One effective scene comes for Francis as Jo when Danny gets into trouble and a whipping is named as punishment. But at Plumfield the punishment is being made to give the whipping.
And so Jo hands him a switch, holds out her open palm and demands Danny strike her hard. A single swipe is too much for the boy. He runs off crying giving Jo a chance to bond with him and give Francis at least one noteworthy moment in Little Men.
Ann Gillis plays Nan, one of the few girls at the Plumfield school and one of the few younger cast members, besides Lydon, that I knew. Little Men also affords small roles to recognizable faces such as Clarence Wilson, Isabel Jewell, Sterling Holloway and William Demarest.
But more prominently billed than any of them is Elsie the cow as Buttercup.
One of three films produced by Gene Towne’s The Play’s the Thing Productions, a company I mentioned in looking at Freddie Bartholomew, who appeared in their two other efforts: Tom Brown’s School Days and Swiss Family Robinson (both 1940). Like those other two films Little Men was released to theaters through RKO.
Based on the Louisa May Alcott novel of the same name and directed by Norman Z. McLeod.
84 minutes.
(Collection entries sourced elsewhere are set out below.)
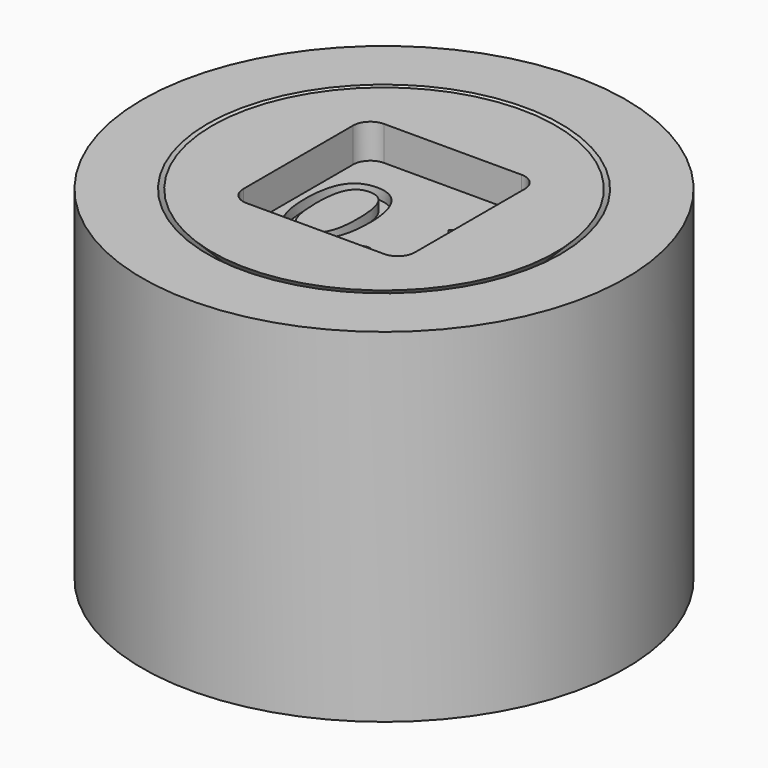
from build123d import *

# Parameters (mm, degrees)
F4_DEPTH     = 1
F5_TEXT_SIZE = 3.9945075521
F6_DEPTH     = 1.3


# Not quite as in the source:
# - Text() gives the source's letters only with a copy of the font that has no kerning and outlines rounded to 1/6400 em; it was checked with that copy


with BuildPart() as f1:
    # F0 (on Front) → F1 (revolve)
    with BuildSketch(Plane.XZ):
        with BuildLine():
            Line((-5, 0), (0, 0))
            Line((0, 0), (0, 10))
            Line((0, 10), (-5, 10))
            Line((-5, 10), (-2.7928932188, 7.7928932188))
            ThreePointArc((-2.7928932188, 7.7928932188), (-2.5761204675, 7.46846987), (-2.5, 7.0857864376))
            Line((-2.5, 7.0857864376), (-2.5, 2.9142135624))
            ThreePointArc((-2.5, 2.9142135624), (-2.5761204675, 2.53153013), (-2.7928932188, 2.2071067812))
            Line((-2.7928932188, 2.2071067812), (-5, 0))
        make_face()
    revolve(axis=Axis((0, 0, 5), (0, 0, 1)))

    # F3 (on face) → F4 (cut)
    with BuildSketch(Plane.XY.offset(10)):
        with BuildLine():
            Line((2, 2.5), (-2, 2.5))
            ThreePointArc((-2, 2.5), (-2.3535533906, 2.3535533906), (-2.5, 2))
            Line((-2.5, 2), (-2.5, -2))
            ThreePointArc((-2.5, -2), (-2.3535533906, -2.3535533906), (-2, -2.5))
            Line((-2, -2.5), (2, -2.5))
            ThreePointArc((2, -2.5), (2.3535533906, -2.3535533906), (2.5, -2))
            Line((2.5, -2), (2.5, 2))
            ThreePointArc((2.5, 2), (2.3535533906, 2.3535533906), (2, 2.5))
        make_face()
    extrude(amount=-F4_DEPTH, mode=Mode.SUBTRACT)

    # F5 (on offset) → F6 (cut)
    with BuildSketch(Plane.XY.offset(10)):
        with Locations((-2.5, -1.4380227188)):
            Text('0.1', F5_TEXT_SIZE, font='Open Sans', text_align=(TextAlign.LEFT, TextAlign.BOTTOM))
    extrude(amount=-F6_DEPTH, mode=Mode.SUBTRACT)


with BuildPart() as f1b:
    # F0 (on Front) → F1, piece 2 (revolve)
    with BuildSketch(Plane.XZ):
        with BuildLine():
            Line((-7.0414213562, 10), (-7.0414213562, 0))
            Line((-7.0414213562, 0), (-5.1414213562, 0))
            Line((-5.1414213562, 0), (-2.8928932188, 2.2485281374))
            ThreePointArc((-2.8928932188, 2.2485281374), (-2.6761204675, 2.5729514862), (-2.6, 2.9556349186))
            Line((-2.6, 2.9556349186), (-2.6, 7.0443650814))
            ThreePointArc((-2.6, 7.0443650814), (-2.6761204675, 7.4270485138), (-2.8928932188, 7.7514718626))
            Line((-2.8928932188, 7.7514718626), (-5.1414213562, 10))
            Line((-5.1414213562, 10), (-7.0414213562, 10))
        make_face()
    revolve(axis=Axis((0, 0, 5), (0, 0, 1)))


solid = Compound([f1.part, f1b.part])

Premiered November 29, 1940. Unlike the wildly successful Little Women in 1933, Little Men was a box office loser.
Bancroft and Oakie are the most fun of Little Men, though Oakie was a bit much on me—still, his fox sightings cracked me up every time!
Little Men is extremely disappointing when compared directly to 1933 predecessor Little Women and so the back-to-back viewing I gave them is absolutely the last thing I would recommend to anyone new to the two movies.
Go in reverse order if you want to watch them in one night as Little Men does nothing to spoil the earlier movie beyond pairing off Jo and the Professor.Good as a comedy, but not nearly the warmth or subtlety of the earlier movie. Best to mark them off as completely separate entities, which beyond the names of those two characters they are.
Little Men is a public domain title that can be viewed for free at the Internet Archive or, if you prefer something for your shelf, purchased on DVD from Alpha Video for dirt cheap.
I viewed Little Men on Turner Classic Movies which is also where my accompanying screen captures come from. Check the top of TCM’s Little Men page for future air dates.